11: single wavelength oscillation laser, IS1 to IS3: isolator, 12: optical modulator, 13: optical fiber amplifier,
14 splitter, 15-1 to 15-m, 17-1 to 1
7-n: Optical fiber (delay element), 16-1 to 16-
m: Splitter, 18-1 to 18-n: Optical amplification unit, 18, 18A to 18D: Optical amplification unit, 19: Optical fiber bundle, 20: Wavelength conversion unit, 20A to 2
0C: wavelength conversion unit, 22, 25: optical fiber amplifier,
24A: narrow band filter, 31: depolarizing prism, 3
2A: DOE, 34: vibrating mirror, 36: fly-eye lens

Claims (5)

[Claims] 1. An illumination optical device comprising: a laser device that generates ultraviolet light of a single wavelength; and an illumination optical system that illuminates a surface to be illuminated with laser light from the laser device. A laser light generator for generating a laser light of a single wavelength within a wavelength range from the outer region to the visible region, an optical fiber bundle which bundles optical fibers for transmitting the laser light generated from the laser light generator, and the optical fiber A wavelength conversion unit that converts the wavelength of the laser light from the bundle into ultraviolet light using a nonlinear optical crystal, wherein the illumination optical system includes a diffusion element formed from a plurality of basic elements that diverge the laser light. A first optical integrator, and a second optical integrator for forming a plurality of light source images from the laser light passing through the first optical integrator. An illumination optical system which comprises a integrators. 2. The illumination optical apparatus according to claim 1, wherein the size of the one elementary element is included in individual beam cross sections included in a beam bundle incident on the elementary element. . 3. The overall cross-sectional shape of a beam bundle emitted from the laser device is oval or rectangular,
The diameter of the cross section of the entire beam bundle in the minor axis direction is Dx [m
m], the divergence angle in the short axis direction of each beam in the beam bundle is φx [mrad], the diameter of the entire beam bundle in the long axis direction is Dy [mm], and the long axis direction of each beam in the beam bundle is Is the divergence angle of φy [mrad], and the product of the diameter Dx in the minor axis direction and the divergence angle φx is Kx [mra].
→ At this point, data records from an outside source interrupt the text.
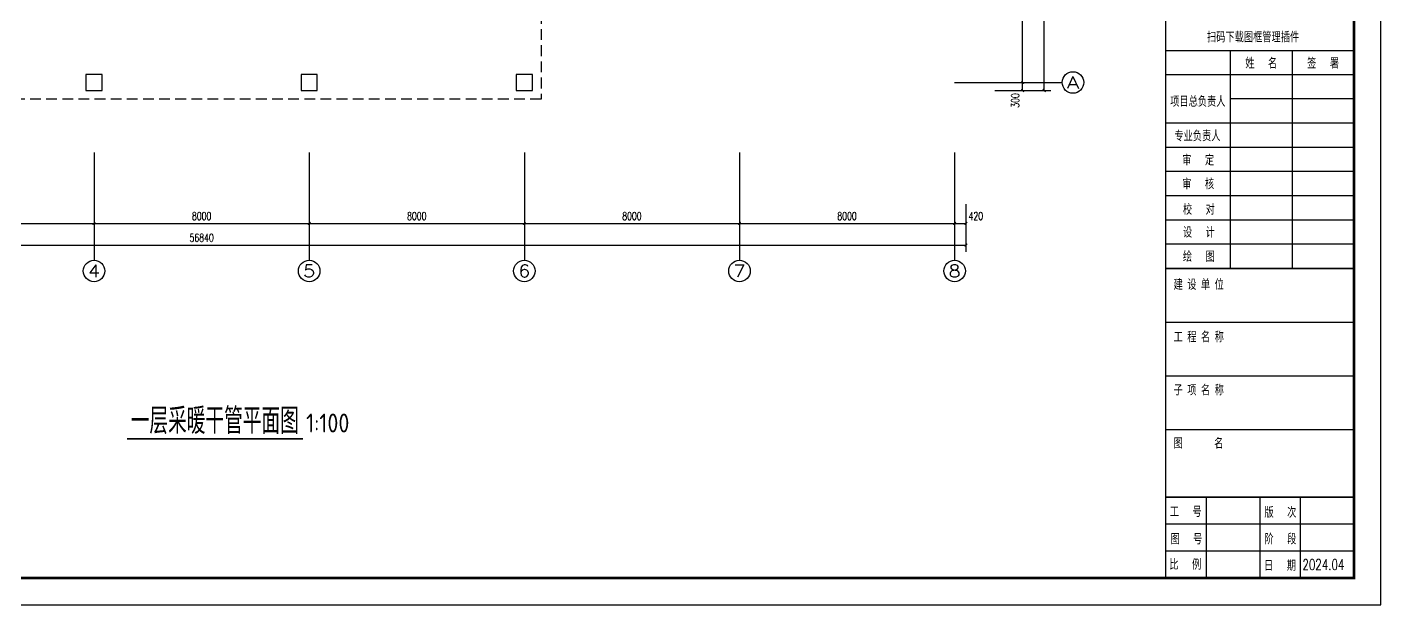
# Model space of a CAD drawing. Extents: x 2297255 to 2381355, y -608375 to -364775.
# Drawn here: x 2331011 to 2381355, y -608375 to -586904 of the extents above; entities that cross this region are included whole.
import ezdxf
from ezdxf.enums import TextEntityAlignment as Align

# ---------------------------------------------------------------- set-up
doc = ezdxf.new("R2018")
doc.units = 0
doc.header["$LTSCALE"] = 1000
doc.header["$MEASUREMENT"] = 0
doc.linetypes.add('_DASH', pattern=[0.6, 0.4, -0.2])
for name, color, linetype in [('AXIS', 3, 'Continuous'), ('AXIS_TEXT', 7, 'Continuous'), ('COLUMN', 9, 'Continuous'), ('DIM_SYMB', 3, 'Continuous'), ('PUB_DIM', 3, 'Continuous'), ('PUB_TEXT', 7, 'Continuous'), ('TK', 4, 'Continuous')]:
    doc.layers.add(name, color=color, linetype=linetype)
doc.styles.add('_TCH_AXIS', font='COMPLEX', dxfattribs={"bigfont": 'GBCBIG'})
doc.styles.add('_TCH_DIM_T3', font='SIMPLEX', dxfattribs={"width": 0.705882, "bigfont": 'GBCBIG'})
doc.styles.add('COMPLEX', font='COMPLEX')
doc.styles.add('HZTXT1', font='romans.shx', dxfattribs={"width": 0.7, "bigfont": 'GBHZFS.SHX'})
doc.styles.get("Standard").update_dxf_attribs({"font": 'gbenor.shx', "bigfont": 'gbcbig.shx'})
doc.styles.add('黑体', font='simhei.ttf')
doc.dimstyles.new('_TCH_ARCH&&100', dxfattribs={"dimtxt": 297.5, "dimasz": 100, "dimexe": 250, "dimexo": 300, "dimgap": 126.25, "dimtad": 1, "dimdec": 0, "dimzin": 0, "dimdsep": 46, "dimtxsty": '_TCH_DIM_T3', "dimblk": 'ARCHTICK', "dimcen": 0.09, "dimclrt": 7, "dimazin": 2, "dimtfac": 1, "dimtdec": 0, "dimtix": 1, "dimtmove": 2, "dimatfit": 3, "dimfxl": 30, "dimtolj": 1, "dimtzin": 0, "dimarcsym": 0})

# ---------------------------------------------------------------- blocks, each defined once
blk = doc.blocks.new('_ArchTick')
at = {"color": 0, "linetype": 'ByBlock', "const_width": 0.4}
blk.add_lwpolyline([(-0.5, -0.5), (0.5, 0.5)], dxfattribs=at)
blk = doc.blocks.new('*D139')
at = {"layer": 'Defpoints', "color": 0, "transparency": 16777216}
for p in [(16304, -4719), (17636, -4719), (16304, -10719)]:
    blk.add_point(p, dxfattribs=at)
at = {"layer": 'PUB_DIM', "color": 0, "lineweight": -2, "transparency": 16777216}
for p, q in [((16604, -4719), (17886, -4719)), ((17636, -10719), (17636, -4719)), ((16604, -10719), (17886, -10719))]:
    blk.add_line(p, q, dxfattribs=at)
at = {"layer": 'PUB_DIM', "color": 0, "lineweight": -2, "transparency": 16777216, "xscale": 100, "yscale": 100, "zscale": 100}
for p, rotation in [((17636, -4719), 90), ((17636, -10719), 270)]:
    blk.add_blockref('_ArchTick', p, dxfattribs=dict(at, rotation=rotation))
at = {"layer": 'PUB_DIM', "color": 7, "transparency": 16777216, "insert": (17361, -7719), "char_height": 297.5, "attachment_point": 5, "rotation": 90, "style": '_TCH_DIM_T3'}
blk.add_mtext('\\A1;6000', dxfattribs=at)
blk = doc.blocks.new('*D140')
at = {"layer": 'Defpoints', "color": 0, "transparency": 16777216}
for p in [(16304, -10719), (16304, -11019), (17636, -10719)]:
    blk.add_point(p, dxfattribs=at)
at = {"layer": 'PUB_DIM', "color": 0, "lineweight": -2, "transparency": 16777216}
for p, q in [((16604, -10719), (17886, -10719)), ((16604, -11019), (17886, -11019)), ((17636, -11019), (17636, -10719))]:
    blk.add_line(p, q, dxfattribs=at)
at = {"layer": 'PUB_DIM', "color": 0, "lineweight": -2, "transparency": 16777216, "xscale": 100, "yscale": 100, "zscale": 100}
for p, rotation in [((17636, -10719), 90), ((17636, -11019), 270)]:
    blk.add_blockref('_ArchTick', p, dxfattribs=dict(at, rotation=rotation))
at = {"layer": 'PUB_DIM', "color": 7, "transparency": 16777216, "insert": (17361, -11389), "char_height": 297.5, "attachment_point": 5, "rotation": 90, "style": '_TCH_DIM_T3'}
blk.add_mtext('\\A1;300', dxfattribs=at)
blk = doc.blocks.new('*D141')
at = {"layer": 'Defpoints', "color": 0, "transparency": 16777216}
for p in [(17245, 19701), (18436, 19701), (17245, -11019)]:
    blk.add_point(p, dxfattribs=at)
at = {"layer": 'PUB_DIM', "color": 0, "lineweight": -2, "transparency": 16777216}
for p, q in [((17545, 19701), (18686, 19701)), ((18436, -11019), (18436, 19701)), ((17545, -11019), (18686, -11019))]:
    blk.add_line(p, q, dxfattribs=at)
at = {"layer": 'PUB_DIM', "color": 0, "lineweight": -2, "transparency": 16777216, "xscale": 100, "yscale": 100, "zscale": 100}
for p, rotation in [((18436, 19701), 90), ((18436, -11019), 270)]:
    blk.add_blockref('_ArchTick', p, dxfattribs=dict(at, rotation=rotation))
at = {"layer": 'PUB_DIM', "color": 7, "transparency": 16777216, "insert": (18161, 4341), "char_height": 297.5, "attachment_point": 5, "rotation": 90, "style": '_TCH_DIM_T3'}
blk.add_mtext('\\A1;30720', dxfattribs=at)
blk = doc.blocks.new('*D153')
at = {"layer": 'Defpoints', "color": 0, "transparency": 16777216}
for p in [(-24893, -14940), (-16893, -14940), (-16893, -15957)]:
    blk.add_point(p, dxfattribs=at)
at = {"layer": 'PUB_DIM', "color": 0, "lineweight": -2, "transparency": 16777216}
for p, q in [((-24893, -15240), (-24893, -16207)), ((-16893, -15240), (-16893, -16207)), ((-24893, -15957), (-16893, -15957))]:
    blk.add_line(p, q, dxfattribs=at)
at = {"layer": 'PUB_DIM', "color": 0, "lineweight": -2, "transparency": 16777216, "xscale": 100, "yscale": 100, "zscale": 100, "rotation": 180}
blk.add_blockref('_ArchTick', (-24893, -15957), dxfattribs=at)
at = {"layer": 'PUB_DIM', "color": 0, "lineweight": -2, "transparency": 16777216, "xscale": 100, "yscale": 100, "zscale": 100}
blk.add_blockref('_ArchTick', (-16893, -15957), dxfattribs=at)
at = {"layer": 'PUB_DIM', "color": 7, "transparency": 16777216, "insert": (-20893, -15682), "char_height": 297.5, "attachment_point": 5, "style": '_TCH_DIM_T3'}
blk.add_mtext('\\A1;8000', dxfattribs=at)
blk = doc.blocks.new('*D154')
at = {"layer": 'Defpoints', "color": 0, "transparency": 16777216}
for p in [(-16893, -14940), (-8893, -14940), (-8893, -15957)]:
    blk.add_point(p, dxfattribs=at)
at = {"layer": 'PUB_DIM', "color": 0, "lineweight": -2, "transparency": 16777216}
for p, q in [((-16893, -15240), (-16893, -16207)), ((-8893, -15240), (-8893, -16207)), ((-16893, -15957), (-8893, -15957))]:
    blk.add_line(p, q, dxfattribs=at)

3. The illumination according to claim 1, wherein the following relationship is satisfied when Ky [mrad · mm] is the product of the diameter Dy in the major axis direction and the divergence angle φy. Optical device. 0.5 <Kx <503 3 <Ky <300 4. An exposure method using ultraviolet light from the illumination optical device according to claim 1, 2, or 3, wherein the ultraviolet light is applied to a mask, and the ultraviolet light having passed through the pattern of the mask is used. An exposure method comprising exposing a substrate. 5. An illumination optical device according to claim 1, further comprising: a projection optical system configured to project an image of a pattern of a mask onto a substrate, wherein the ultraviolet light from the illumination optical device is applied to a mask. An exposure apparatus, comprising: irradiating the substrate with the ultraviolet light having passed through the pattern of the mask.